O apicultor de Santa Justina, interior de Caxias do Sul, Ademir Zanella, 62 anos, trabalha com abelhas há 18 anos. Ele cultiva 130 colmeias em uma área de seis quilômetros quadrados. É a segunda atividade agrícola da família — a primeira são os parreirais.

Este ano, colheu 1,3 mil quilos. Poderia ter colhido o dobro não fosse o alto número de abelhas mortas, cerca de 30%.

Principal motivo? Agrotóxicos aplicados incorretamente.

— O pior predador é o ser humano. Ele só visa lucro e não pensa no prejuízo que traz para a natureza — denuncia.

Em 2015, ele perdeu 50 enxames de uma tacada só. Um vizinho aplicou veneno para combater as formigas do parreiral e acabou matando suas abelhas.

Dados da Associação Caxiense de Apicultores (Ascap) indicam que a Serra Gaúcha colheu 150 toneladas de mel, no período de setembro de 2017 a abril de 2018. Poderia ser 40% maior não fosse o alto índice de mortandade das abelhas.

Além de nocivos à saúde e ao meio ambiente, colmeias inteiras estão morrendo, e isso pode afetar toda a população na produção de alimentos

— O inseticida foi aplicado na terra pela manhã e, à tarde, milhares de abelhas das colmeias já estavam mortas — conta.

Zanella explica que os venenos acabam matando tudo, inclusive as flores em que as abelhas se alimentam.

— O pólen está cada vem mais reduzido. Sem ele,não tem como as abelhas se alimentarem, elas morrem. E não há mel — alerta o apicultor.

Apaixonado pelo trabalho das abelhas, diariamente ele prepara o fumigador, que tem a função de produzir fumaça, essencial para um manejo seguro com as abelhas e vai até as colmeias conferir a produção e se estão bem.

— Me dá prazer.

Estudioso, o apicultor já participou de muitos cursos sobre a criação deste inseto. Aprendeu, inclusive, que durante o inverno ele precisa ser alimentado.Nestes dias frios, ele prepara uma pasta de proteína de soja e mel, enrola num guardanapo e a coloca dentro da colmeia. É o que garante a sobrevivência do enxame, pois não saem da caixa para se alimentar.

SAIBA MAIS SOBRE AS ABELHAS

* Uma colmeia abriga, em média, 50 mil abelhas. Tem uma rainha, alguns zangões e milhares de operárias.

*  O tempo médio de vida das abelhas é de um mês. A rainha vive até dois anos.

* Para produzir um quilo de mel, as abelhas precisam visitar 5 milhões de flores.

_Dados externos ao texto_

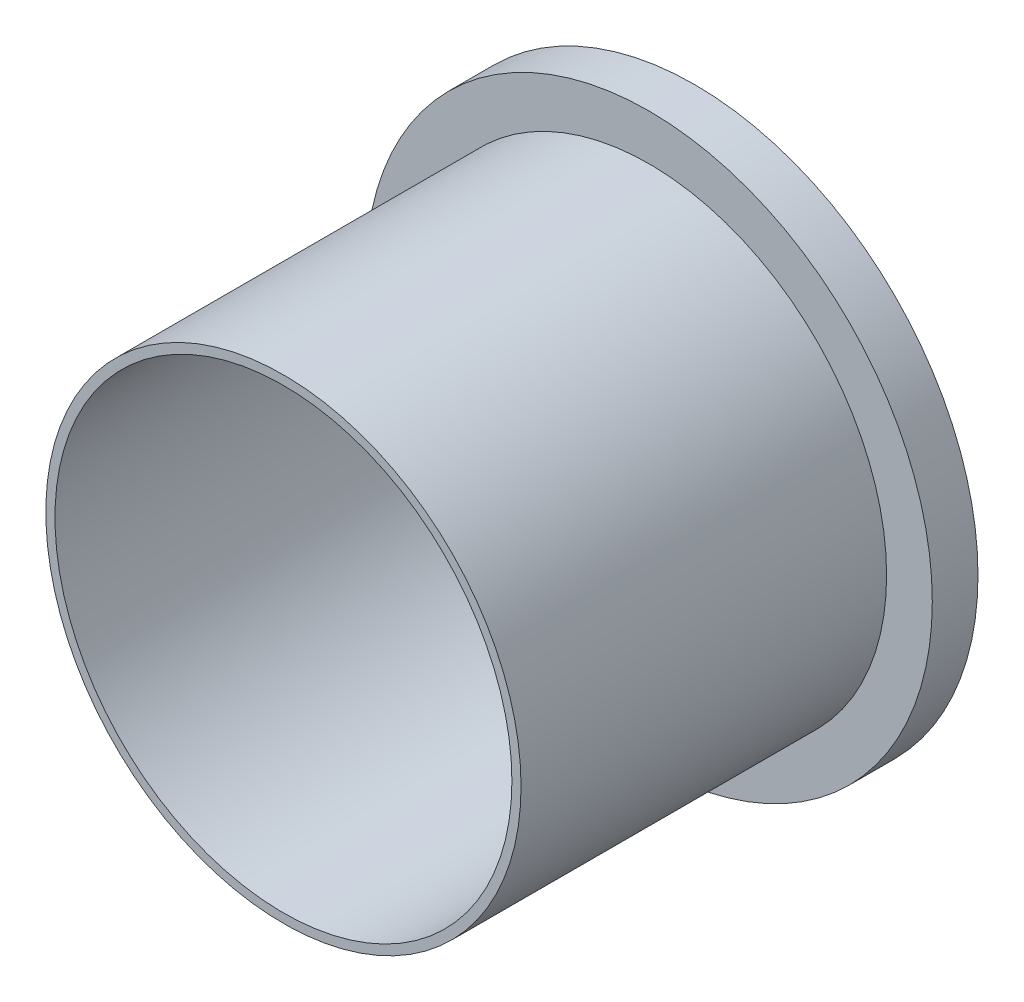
ISO-10303-21;
HEADER;
FILE_DESCRIPTION(('STEP AP214'),'2;1');
FILE_NAME('part.step','',(''),(''),'','','');
FILE_SCHEMA(('AUTOMOTIVE_DESIGN { 1 0 10303 214 1 1 1 1 }'));
ENDSEC;
DATA;
#1=APPLICATION_CONTEXT('core data for automotive mechanical design processes');
#2=APPLICATION_PROTOCOL_DEFINITION('international standard','automotive_design',2000,#1);
#3=PRODUCT_CONTEXT('',#1,'mechanical');
#4=PRODUCT('Part','Part','',(#3));
#5=PRODUCT_RELATED_PRODUCT_CATEGORY('part','',(#4));
#6=PRODUCT_DEFINITION_FORMATION('','',#4);
#7=PRODUCT_DEFINITION_CONTEXT('part definition',#1,'design');
#8=PRODUCT_DEFINITION('design','',#6,#7);
#9=PRODUCT_DEFINITION_SHAPE('','',#8);
#10=(LENGTH_UNIT() NAMED_UNIT(*) SI_UNIT(.MILLI.,.METRE.));
#11=(NAMED_UNIT(*) PLANE_ANGLE_UNIT() SI_UNIT($,.RADIAN.));
#12=(NAMED_UNIT(*) SI_UNIT($,.STERADIAN.) SOLID_ANGLE_UNIT());
#13=UNCERTAINTY_MEASURE_WITH_UNIT(LENGTH_MEASURE(1.E-05),#10,'distance_accuracy_value','');
#14=(GEOMETRIC_REPRESENTATION_CONTEXT(3) GLOBAL_UNCERTAINTY_ASSIGNED_CONTEXT((#13)) GLOBAL_UNIT_ASSIGNED_CONTEXT((#10,
#11,#12)) REPRESENTATION_CONTEXT('',''));
#15=CARTESIAN_POINT('',(0.,0.,0.));
#16=DIRECTION('',(0.,0.,1.));
#17=DIRECTION('',(1.,0.,0.));
#18=AXIS2_PLACEMENT_3D('',#15,#16,#17);
#19=CARTESIAN_POINT('',(0.,0.,5.));
#20=DIRECTION('',(0.,0.,-1.));
#21=DIRECTION('',(-1.,0.,0.));
#22=AXIS2_PLACEMENT_3D('',#19,#20,#21);
#23=CYLINDRICAL_SURFACE('',#22,31.);
#24=CARTESIAN_POINT('',(0.,0.,5.));
#25=DIRECTION('',(0.,0.,1.));
#26=DIRECTION('',(1.,0.,0.));
#27=AXIS2_PLACEMENT_3D('',#24,#25,#26);
#28=CIRCLE('',#27,31.);
#29=CARTESIAN_POINT('',(31.,0.,5.));
#30=VERTEX_POINT('',#29);
#31=EDGE_CURVE('E104',#30,#30,#28,.T.);
#32=ORIENTED_EDGE('',*,*,#31,.F.);
#33=EDGE_LOOP('',(#32));
#34=FACE_BOUND('',#33,.T.);
#35=CARTESIAN_POINT('',(0.,0.,0.));
#36=DIRECTION('',(0.,0.,1.));
#37=DIRECTION('',(1.,0.,0.));
#38=AXIS2_PLACEMENT_3D('',#35,#36,#37);
#39=CIRCLE('',#38,31.);
#40=CARTESIAN_POINT('',(31.,0.,0.));
#41=VERTEX_POINT('',#40);
#42=EDGE_CURVE('E78',#41,#41,#39,.T.);
#43=ORIENTED_EDGE('',*,*,#42,.T.);
#44=EDGE_LOOP('',(#43));
#45=FACE_BOUND('',#44,.T.);
#46=ADVANCED_FACE('F41',(#34,#45),#23,.T.);
#47=CARTESIAN_POINT('',(0.,0.,5.));
#48=DIRECTION('',(0.,0.,1.));
#49=DIRECTION('',(1.,0.,0.));
#50=AXIS2_PLACEMENT_3D('',#47,#48,#49);
#51=PLANE('',#50);
#52=CARTESIAN_POINT('',(0.,0.,5.));
#53=DIRECTION('',(0.,0.,1.));
#54=DIRECTION('',(1.,0.,0.));
#55=AXIS2_PLACEMENT_3D('',#52,#53,#54);
#56=CIRCLE('',#55,26.);
#57=CARTESIAN_POINT('',(26.,0.,5.));
#58=VERTEX_POINT('',#57);
#59=EDGE_CURVE('E49',#58,#58,#56,.T.);
#60=ORIENTED_EDGE('',*,*,#59,.F.);
#61=EDGE_LOOP('',(#60));
#62=FACE_BOUND('',#61,.T.);
#63=ORIENTED_EDGE('',*,*,#31,.T.);
#64=EDGE_LOOP('',(#63));
#65=FACE_BOUND('',#64,.T.);
#66=ADVANCED_FACE('F115',(#62,#65),#51,.T.);
#67=CARTESIAN_POINT('',(0.,0.,0.));
#68=DIRECTION('',(0.,0.,1.));
#69=DIRECTION('',(1.,0.,0.));
#70=AXIS2_PLACEMENT_3D('',#67,#68,#69);
#71=PLANE('',#70);
#72=CARTESIAN_POINT('',(0.,-26.7712106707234,0.));
#73=CARTESIAN_POINT('',(0.0951690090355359,-26.7712114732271,0.));
#74=CARTESIAN_POINT('',(0.190332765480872,-26.7667476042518,0.));
#75=CARTESIAN_POINT('',(0.379827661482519,-26.7490256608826,0.));
#76=CARTESIAN_POINT('',(0.474158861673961,-26.7357682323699,0.));
#77=CARTESIAN_POINT('',(0.661290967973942,-26.7008198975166,0.));
#78=CARTESIAN_POINT('',(0.754090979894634,-26.6791242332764,0.));
#79=CARTESIAN_POINT('',(0.937523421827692,-26.6278483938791,0.));
#80=CARTESIAN_POINT('',(1.02815463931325,-26.5982639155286,0.));
#81=CARTESIAN_POINT('',(1.22597101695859,-26.5247352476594,0.));
#82=CARTESIAN_POINT('',(1.33251701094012,-26.4790706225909,0.));
#83=CARTESIAN_POINT('',(1.54113763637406,-26.3783751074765,0.));
#84=CARTESIAN_POINT('',(1.64320897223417,-26.3233374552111,0.));
#85=CARTESIAN_POINT('',(1.84267739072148,-26.2051233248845,0.));
#86=CARTESIAN_POINT('',(1.94006822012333,-26.1419363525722,0.));
#87=CARTESIAN_POINT('',(2.12994875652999,-26.0086769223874,0.));
#88=CARTESIAN_POINT('',(2.22243956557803,-25.9386060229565,0.));
#89=CARTESIAN_POINT('',(2.45528216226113,-25.7499416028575,0.));
#90=CARTESIAN_POINT('',(2.59204397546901,-25.626906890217,0.));
#91=CARTESIAN_POINT('',(2.85435071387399,-25.3694101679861,0.));
#92=CARTESIAN_POINT('',(2.9798886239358,-25.2349411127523,0.));
#93=CARTESIAN_POINT('',(3.22084267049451,-24.9568653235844,0.));
#94=CARTESIAN_POINT('',(3.33624079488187,-24.8132430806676,0.));
#95=CARTESIAN_POINT('',(3.55764854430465,-24.5188962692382,0.));
#96=CARTESIAN_POINT('',(3.66365454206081,-24.3681689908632,0.));
#97=CARTESIAN_POINT('',(3.86296268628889,-24.0673134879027,0.));
#98=CARTESIAN_POINT('',(3.95660615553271,-23.9174101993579,0.));
#99=CARTESIAN_POINT('',(4.13666570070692,-23.6133783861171,0.));
#100=CARTESIAN_POINT('',(4.22308282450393,-23.4592504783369,0.));
#101=CARTESIAN_POINT('',(4.47257501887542,-22.9913566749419,0.));
#102=CARTESIAN_POINT('',(4.6257563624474,-22.6722886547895,0.));
#103=CARTESIAN_POINT('',(4.9097172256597,-22.0238877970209,0.));
#104=CARTESIAN_POINT('',(5.04045959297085,-21.6945389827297,0.));
#105=CARTESIAN_POINT('',(5.2820764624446,-21.0287745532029,0.));
#106=CARTESIAN_POINT('',(5.392956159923,-20.6923608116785,0.));
#107=CARTESIAN_POINT('',(5.59467986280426,-20.0219947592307,0.));
#108=CARTESIAN_POINT('',(5.68592355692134,-19.6881616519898,0.));
#109=CARTESIAN_POINT('',(5.85301692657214,-19.0166247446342,0.));
#110=CARTESIAN_POINT('',(5.92886393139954,-18.67892028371,0.));
#111=CARTESIAN_POINT('',(6.06633136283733,-18.0003672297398,0.));
#112=CARTESIAN_POINT('',(6.12794051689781,-17.6595163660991,0.));
#113=CARTESIAN_POINT('',(6.23770548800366,-16.9756860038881,0.));
#114=CARTESIAN_POINT('',(6.2858620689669,-16.6327066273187,0.));
#115=CARTESIAN_POINT('',(6.3694937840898,-15.9440382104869,0.));
#116=CARTESIAN_POINT('',(6.40492559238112,-15.5983439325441,0.));
#117=CARTESIAN_POINT('',(6.46332318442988,-14.9059013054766,0.));
#118=CARTESIAN_POINT('',(6.48628867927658,-14.5591529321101,0.));
#119=CARTESIAN_POINT('',(6.5200224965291,-13.8652237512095,0.));
#120=CARTESIAN_POINT('',(6.53079641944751,-13.5180432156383,0.));
#121=CARTESIAN_POINT('',(6.54029122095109,-12.8235401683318,0.));
#122=CARTESIAN_POINT('',(6.53901261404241,-12.4762176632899,0.));
#123=CARTESIAN_POINT('',(6.52122249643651,-11.6310035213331,0.));
#124=CARTESIAN_POINT('',(6.49833642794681,-11.1332312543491,0.));
#125=CARTESIAN_POINT('',(6.42719860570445,-10.1393540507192,0.));
#126=CARTESIAN_POINT('',(6.37893960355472,-9.64324963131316,0.));
#127=CARTESIAN_POINT('',(6.25575660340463,-8.65384936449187,0.));
#128=CARTESIAN_POINT('',(6.18080672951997,-8.16055671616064,0.));
#129=CARTESIAN_POINT('',(6.00252804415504,-7.18093065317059,0.));
#130=CARTESIAN_POINT('',(5.89930666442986,-6.69457808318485,0.));
#131=CARTESIAN_POINT('',(5.72080350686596,-5.97110568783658,0.));
#132=CARTESIAN_POINT('',(5.6573790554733,-5.73102625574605,0.));
#133=CARTESIAN_POINT('',(5.52209099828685,-5.25326547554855,0.));
#134=CARTESIAN_POINT('',(5.45022819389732,-5.01558390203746,0.));
#135=CARTESIAN_POINT('',(5.29753705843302,-4.54349751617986,0.));
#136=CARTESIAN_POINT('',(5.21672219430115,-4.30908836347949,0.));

* Uma abelha faz diariamente 40 voos e pousa em 40 mil flores.

* Voam a velocidades de mais de 20 quilômetros/hora.

*  Ela recolhe o néctar com a língua e o guarda numa bolsa localizada no fundo da garganta.

* Abelhas morrem quando picam alguém, pois parte do abdômen do inseto é arrancado junto com o ferrão.

* São as fêmeas quem possuem ferrões, e não os zangões.

* Cada colônia possui um odor específico para que as abelhas possam identificá-lo e não errar de "endereço".

* As abelhas tem cinco olhos.

* Elas habitam a terra há aproximadamente 30 milhões de anos.

* São os únicos insetos que produzem um alimento que é consumido pelo homem.